Molecular basis for C-degron recognition by the SCF ^Das1 ubiquitin ligase

Selective protein degradation by the ubiquitin-proteasome system frequently involves substrate recognition via short linear motifs known as degradation signals or degrons. Whereas degrons located at protein N-termini (N-degrons) have been extensively studied, our understanding of C-terminal degrons (C-degrons) is comparatively limited. Previously, we showed that the yeast SCF ubiquitin ligase and one of its substrate receptor subunits, the F-box protein Das1, target a broad range of C-degrons and implicated SCF ^Das1 in orphan quality control.
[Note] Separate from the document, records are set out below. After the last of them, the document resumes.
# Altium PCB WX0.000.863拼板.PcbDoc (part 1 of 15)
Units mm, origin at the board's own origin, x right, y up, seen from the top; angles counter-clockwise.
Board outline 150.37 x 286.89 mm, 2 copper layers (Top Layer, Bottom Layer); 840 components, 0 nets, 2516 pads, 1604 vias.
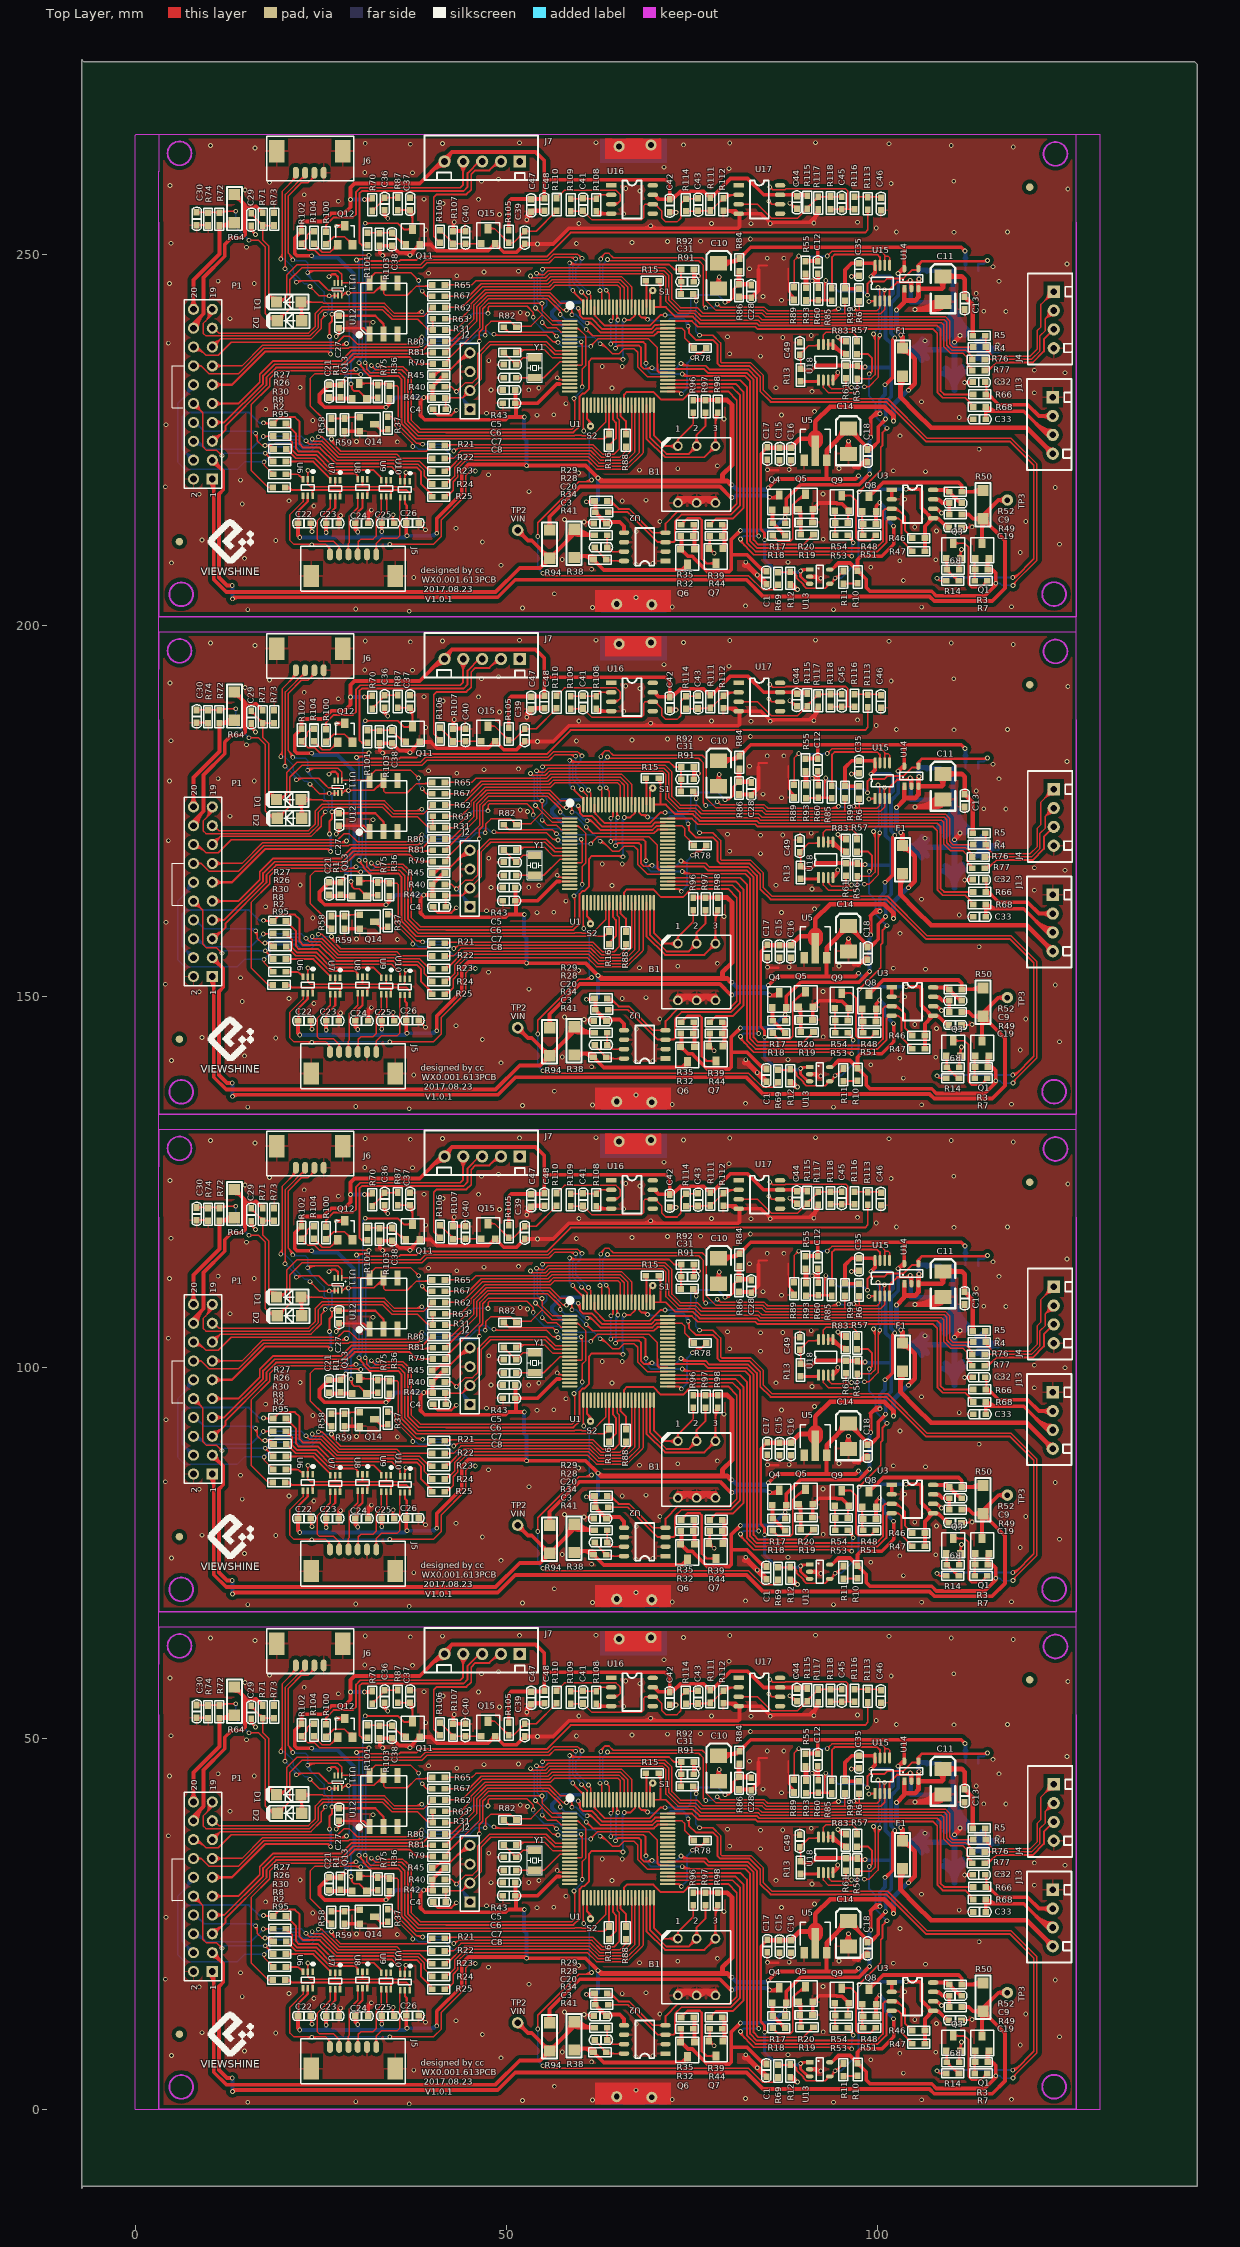
[diagram p0: Top Layer view]
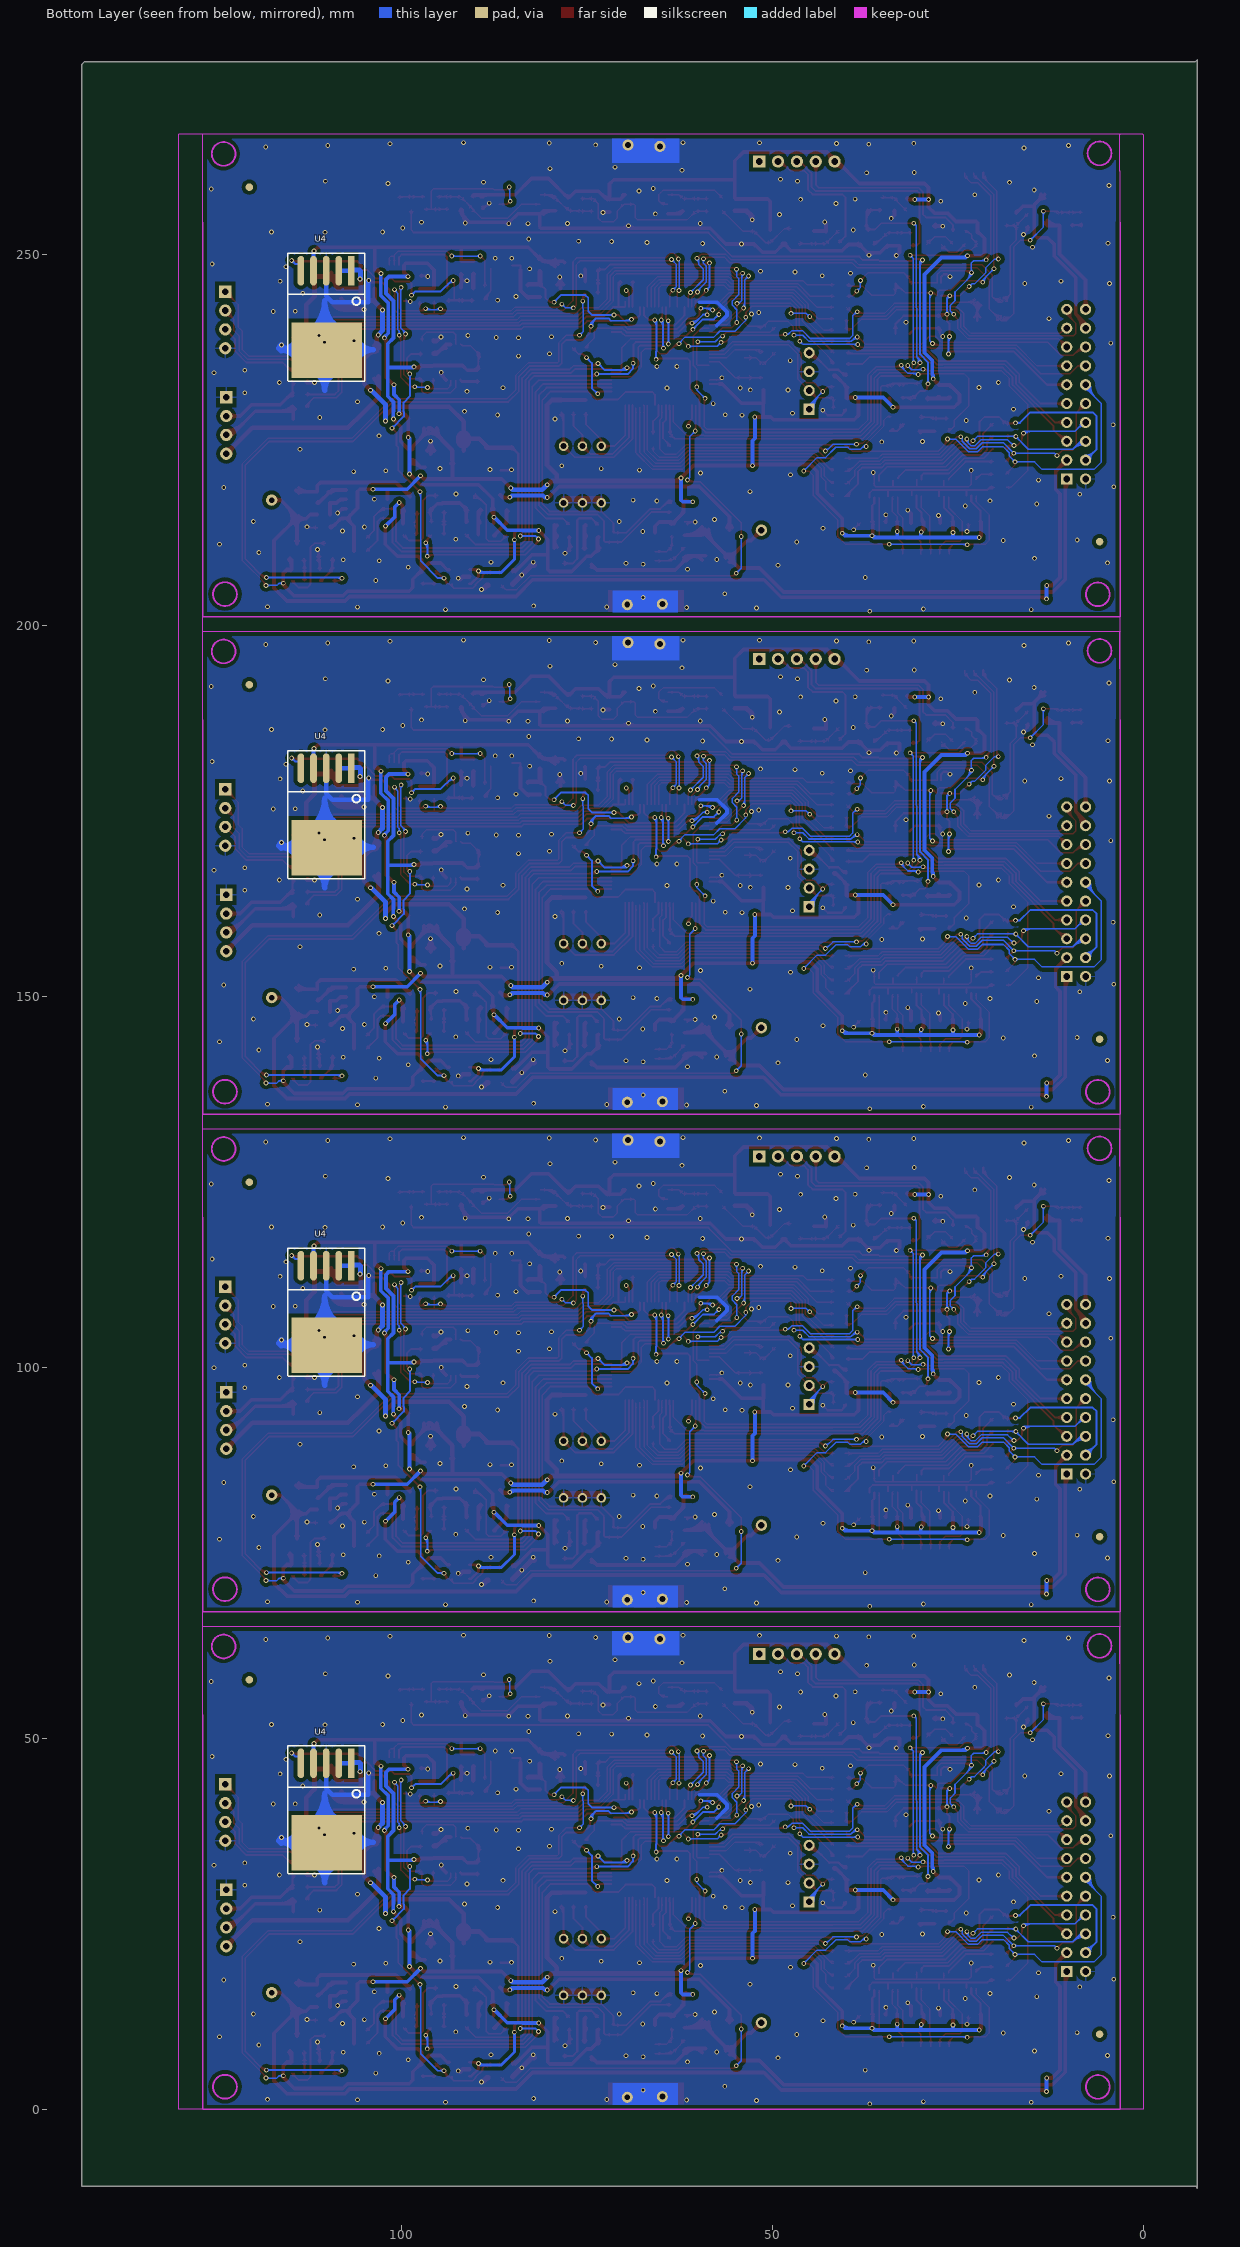
[diagram p1: Bottom Layer view, seen from below]

## Layer stack, top to bottom
Top Solder: solder mask 0.0102, Solder Resist, Dk 3.5
Top Layer: signal copper 0.0356
Dielectric1: dielectric 0.32, FR-4, Dk 4.8
Bottom Layer: signal copper 0.0356
Bottom Solder: solder mask 0.0102, Solder Resist, Dk 3.5

## Board outline
-7.112,-10.414 123.825,-10.414 143.129,-10.414 143.129,23.749 143.129,275.59 142.748,275.971 23.495,275.971 -6.985,275.971 -7.239,276.225 -7.239,-10.668

## Design rules (kind name [scope] priority, off if disabled: settings)
Clearance [All] p1: gap=0.254 ignorepadtopadclearanceinfootprint=FALSE except(0: Arc-Hole Track-Hole SMDPad-Hole THPad-Hole Via-Hole Fill-Hole Poly-Hole Region-Hole Text-Hole)
PolygonConnect [All] p1: connectstyle=Relief reliefconductorwidth=0.254 reliefentries=4 polygonreliefangle="90 Angle" airgapwidth=0.254
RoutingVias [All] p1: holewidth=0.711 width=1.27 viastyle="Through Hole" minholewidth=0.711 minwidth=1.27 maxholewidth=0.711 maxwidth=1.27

Here, we sought to determine how Das1 recognizes its substrates. By combining in vivo competition assays with structural modeling and mutational analysis, we demonstrate that distinct C-degrons compete for a common site on Das1, indicating a shared mode of recognition. We identify a positively charged pocket within the Das1 leucine-rich repeat domain as the C-degron binding site. Three basic residues at the base of this pocket are essential for Das1 function, likely mediating electrostatic interactions with the C-terminal carboxyl group of the degron, while additional residues contribute to substrate specificity. Comparative analysis reveals that this pocket and its function are conserved across the Saccharomycetaceae family, supporting a conserved role for Das1 in protein quality control.